# Your assignment
Please restate, exactly, only the lines from the beginning of the listing below through the line containing "#9=PRODUCT_DEFINITION_SHAPE('','',#8);", with the pictures left out.

(Data for this task)

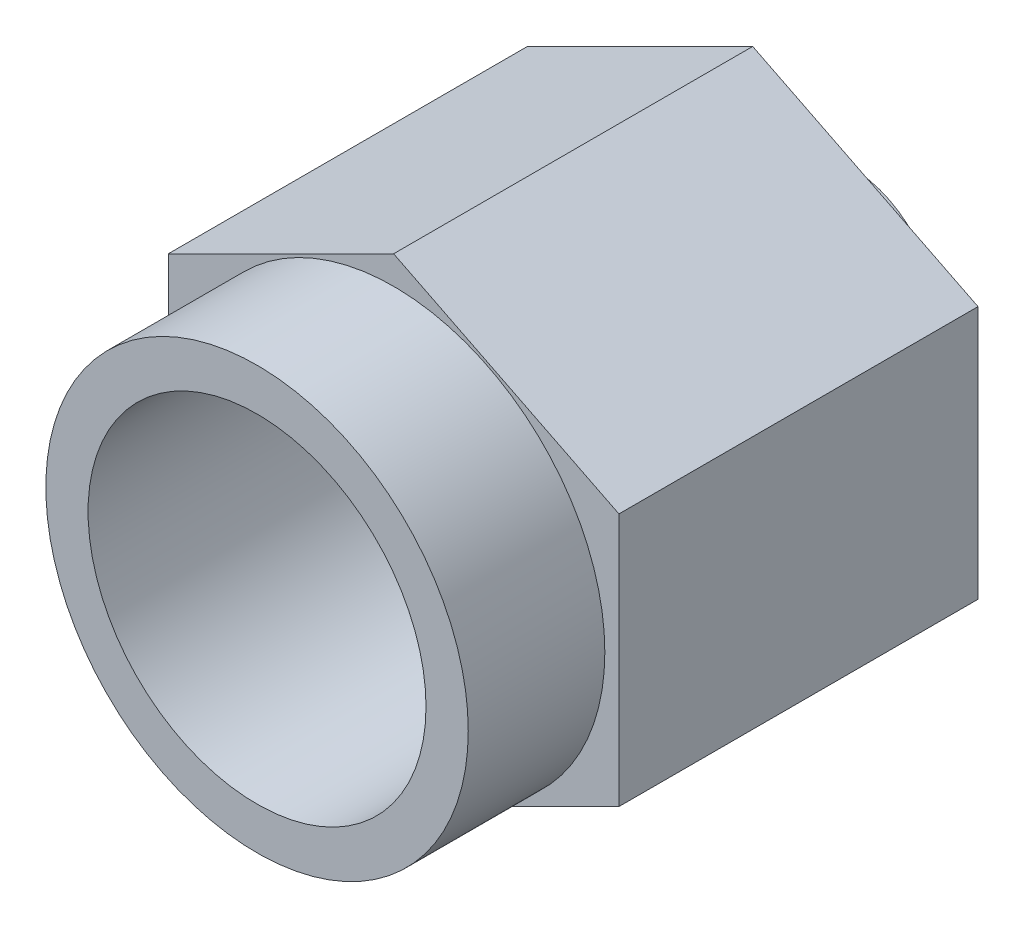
ISO-10303-21;
HEADER;
FILE_DESCRIPTION(('STEP AP214'),'2;1');
FILE_NAME('part.step','',(''),(''),'','','');
FILE_SCHEMA(('AUTOMOTIVE_DESIGN { 1 0 10303 214 1 1 1 1 }'));
ENDSEC;
DATA;
#1=APPLICATION_CONTEXT('core data for automotive mechanical design processes');
#2=APPLICATION_PROTOCOL_DEFINITION('international standard','automotive_design',2000,#1);
#3=PRODUCT_CONTEXT('',#1,'mechanical');
#4=PRODUCT('Part','Part','',(#3));
#5=PRODUCT_RELATED_PRODUCT_CATEGORY('part','',(#4));
#6=PRODUCT_DEFINITION_FORMATION('','',#4);
#7=PRODUCT_DEFINITION_CONTEXT('part definition',#1,'design');
#8=PRODUCT_DEFINITION('design','',#6,#7);
#9=PRODUCT_DEFINITION_SHAPE('','',#8);
#10=(LENGTH_UNIT() NAMED_UNIT(*) SI_UNIT(.MILLI.,.METRE.));
#11=(NAMED_UNIT(*) PLANE_ANGLE_UNIT() SI_UNIT($,.RADIAN.));
#12=(NAMED_UNIT(*) SI_UNIT($,.STERADIAN.) SOLID_ANGLE_UNIT());
#13=UNCERTAINTY_MEASURE_WITH_UNIT(LENGTH_MEASURE(1.E-05),#10,'distance_accuracy_value','');
#14=(GEOMETRIC_REPRESENTATION_CONTEXT(3) GLOBAL_UNCERTAINTY_ASSIGNED_CONTEXT((#13)) GLOBAL_UNIT_ASSIGNED_CONTEXT((#10,
#11,#12)) REPRESENTATION_CONTEXT('',''));
#15=CARTESIAN_POINT('',(0.,0.,0.));
#16=DIRECTION('',(0.,0.,1.));
#17=DIRECTION('',(1.,0.,0.));
#18=AXIS2_PLACEMENT_3D('',#15,#16,#17);
#19=CARTESIAN_POINT('',(0.,0.,0.));
#20=DIRECTION('',(0.,0.,1.));
#21=DIRECTION('',(1.,0.,0.));
#22=AXIS2_PLACEMENT_3D('',#19,#20,#21);
#23=PLANE('',#22);
#24=DIRECTION('',(-0.894427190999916,-0.447213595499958,0.));
#25=VECTOR('',#24,1.);
#26=CARTESIAN_POINT('',(0.,4.318,0.));
#27=LINE('',#26,#25);
#28=CARTESIAN_POINT('',(0.,4.318,0.));
#29=VERTEX_POINT('',#28);
#30=CARTESIAN_POINT('',(-4.064,2.286,0.));
#31=VERTEX_POINT('',#30);
#32=EDGE_CURVE('E94',#29,#31,#27,.T.);
#33=ORIENTED_EDGE('',*,*,#32,.F.);
#34=DIRECTION('',(0.894427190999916,-0.447213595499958,0.));
#35=VECTOR('',#34,1.);
#36=CARTESIAN_POINT('',(0.,4.318,0.));
#37=LINE('',#36,#35);
#38=CARTESIAN_POINT('',(4.064,2.286,0.));
#39=VERTEX_POINT('',#38);
#40=EDGE_CURVE('E125',#29,#39,#37,.T.);
#41=ORIENTED_EDGE('',*,*,#40,.T.);
#42=DIRECTION('',(0.,-1.,0.));
#43=VECTOR('',#42,1.);
#44=CARTESIAN_POINT('',(4.064,2.286,0.));
#45=LINE('',#44,#43);
#46=CARTESIAN_POINT('',(4.06400000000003,-2.286,0.));
#47=VERTEX_POINT('',#46);
#48=EDGE_CURVE('E122',#39,#47,#45,.T.);
#49=ORIENTED_EDGE('',*,*,#48,.T.);
#50=DIRECTION('',(0.894427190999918,0.447213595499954,0.));
#51=VECTOR('',#50,1.);
#52=CARTESIAN_POINT('',(0.,-4.318,0.));
#53=LINE('',#52,#51);
#54=CARTESIAN_POINT('',(0.,-4.318,0.));
#55=VERTEX_POINT('',#54);
#56=EDGE_CURVE('E119',#55,#47,#53,.T.);
#57=ORIENTED_EDGE('',*,*,#56,.F.);
#58=DIRECTION('',(0.894427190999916,-0.447213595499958,0.));
#59=VECTOR('',#58,1.);
#60=CARTESIAN_POINT('',(-4.064,-2.286,0.));
#61=LINE('',#60,#59);
#62=CARTESIAN_POINT('',(-4.064,-2.286,0.));
#63=VERTEX_POINT('',#62);
#64=EDGE_CURVE('E96',#63,#55,#61,.T.);
#65=ORIENTED_EDGE('',*,*,#64,.F.);
#66=DIRECTION('',(0.,-1.,0.));
#67=VECTOR('',#66,1.);
#68=CARTESIAN_POINT('',(-4.064,2.286,0.));
#69=LINE('',#68,#67);
#70=EDGE_CURVE('E89',#31,#63,#69,.T.);
#71=ORIENTED_EDGE('',*,*,#70,.F.);
#72=EDGE_LOOP('',(#33,#41,#49,#57,#65,#71));
#73=FACE_BOUND('',#72,.T.);
#74=CARTESIAN_POINT('',(0.,0.,0.));
#75=DIRECTION('',(0.,0.,1.));
#76=DIRECTION('',(1.,0.,0.));
#77=AXIS2_PLACEMENT_3D('',#74,#75,#76);
#78=CIRCLE('',#77,3.048);
#79=CARTESIAN_POINT('',(3.048,0.,0.));
#80=VERTEX_POINT('',#79);
#81=EDGE_CURVE('E111',#80,#80,#78,.T.);
#82=ORIENTED_EDGE('',*,*,#81,.T.);
#83=EDGE_LOOP('',(#82));
#84=FACE_BOUND('',#83,.T.);
#85=ADVANCED_FACE('F34',(#73,#84),#23,.F.);
#86=CARTESIAN_POINT('',(0.,0.,8.9408));
#87=DIRECTION('',(0.,0.,1.));
#88=DIRECTION('',(1.,0.,0.));
#89=AXIS2_PLACEMENT_3D('',#86,#87,#88);
#90=PLANE('',#89);
#91=CARTESIAN_POINT('',(0.,0.,8.9408));
#92=DIRECTION('',(0.,0.,1.));
#93=DIRECTION('',(1.,0.,0.));
#94=AXIS2_PLACEMENT_3D('',#91,#92,#93);
#95=CIRCLE('',#94,3.81);
#96=CARTESIAN_POINT('',(3.81,0.,8.9408));
#97=VERTEX_POINT('',#96);
#98=EDGE_CURVE('E42',#97,#97,#95,.T.);
#99=ORIENTED_EDGE('',*,*,#98,.T.);
#100=EDGE_LOOP('',(#99));
#101=FACE_BOUND('',#100,.T.);
#102=CARTESIAN_POINT('',(0.,0.,8.9408));
#103=DIRECTION('',(0.,0.,1.));
#104=DIRECTION('',(1.,0.,0.));
#105=AXIS2_PLACEMENT_3D('',#102,#103,#104);
#106=CIRCLE('',#105,3.048);
#107=CARTESIAN_POINT('',(3.048,0.,8.9408));
#108=VERTEX_POINT('',#107);
#109=EDGE_CURVE('E148',#108,#108,#106,.T.);
#110=ORIENTED_EDGE('',*,*,#109,.F.);
#111=EDGE_LOOP('',(#110));
#112=FACE_BOUND('',#111,.T.);
#113=ADVANCED_FACE('F153',(#101,#112),#90,.T.);
#114=CARTESIAN_POINT('',(0.,0.,8.9408));
#115=DIRECTION('',(0.,0.,-1.));
#116=DIRECTION('',(-1.,0.,0.));
#117=AXIS2_PLACEMENT_3D('',#114,#115,#116);
#118=CYLINDRICAL_SURFACE('',#117,3.81);
#119=CARTESIAN_POINT('',(0.,0.,6.477));
#120=DIRECTION('',(0.,0.,1.));
#121=DIRECTION('',(1.,0.,0.));
#122=AXIS2_PLACEMENT_3D('',#119,#120,#121);
#123=CIRCLE('',#122,3.81);
#124=CARTESIAN_POINT('',(3.81,0.,6.477));
#125=VERTEX_POINT('',#124);
#126=EDGE_CURVE('E107',#125,#125,#123,.T.);
#127=ORIENTED_EDGE('',*,*,#126,.T.);
#128=EDGE_LOOP('',(#127));
#129=FACE_BOUND('',#128,.T.);
#130=ORIENTED_EDGE('',*,*,#98,.F.);
#131=EDGE_LOOP('',(#130));
#132=FACE_BOUND('',#131,.T.);
#133=ADVANCED_FACE('F36',(#129,#132),#118,.T.);
#134=CARTESIAN_POINT('',(0.,0.,8.9408));
#135=DIRECTION('',(0.,0.,-1.));
#136=DIRECTION('',(-1.,0.,0.));
#137=AXIS2_PLACEMENT_3D('',#134,#135,#136);
#138=CYLINDRICAL_SURFACE('',#137,3.048);
#139=CARTESIAN_POINT('',(0.,0.,0.254));
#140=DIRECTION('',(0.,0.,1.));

(End Data for this task)

# Response to this exercise
ISO-10303-21;
HEADER;
FILE_DESCRIPTION(('STEP AP214'),'2;1');
FILE_NAME('part.step','',(''),(''),'','','');
FILE_SCHEMA(('AUTOMOTIVE_DESIGN { 1 0 10303 214 1 1 1 1 }'));
ENDSEC;
DATA;
#1=APPLICATION_CONTEXT('core data for automotive mechanical design processes');
#2=APPLICATION_PROTOCOL_DEFINITION('international standard','automotive_design',2000,#1);
#3=PRODUCT_CONTEXT('',#1,'mechanical');
#4=PRODUCT('Part','Part','',(#3));
#5=PRODUCT_RELATED_PRODUCT_CATEGORY('part','',(#4));
#6=PRODUCT_DEFINITION_FORMATION('','',#4);
#7=PRODUCT_DEFINITION_CONTEXT('part definition',#1,'design');
#8=PRODUCT_DEFINITION('design','',#6,#7);
#9=PRODUCT_DEFINITION_SHAPE('','',#8);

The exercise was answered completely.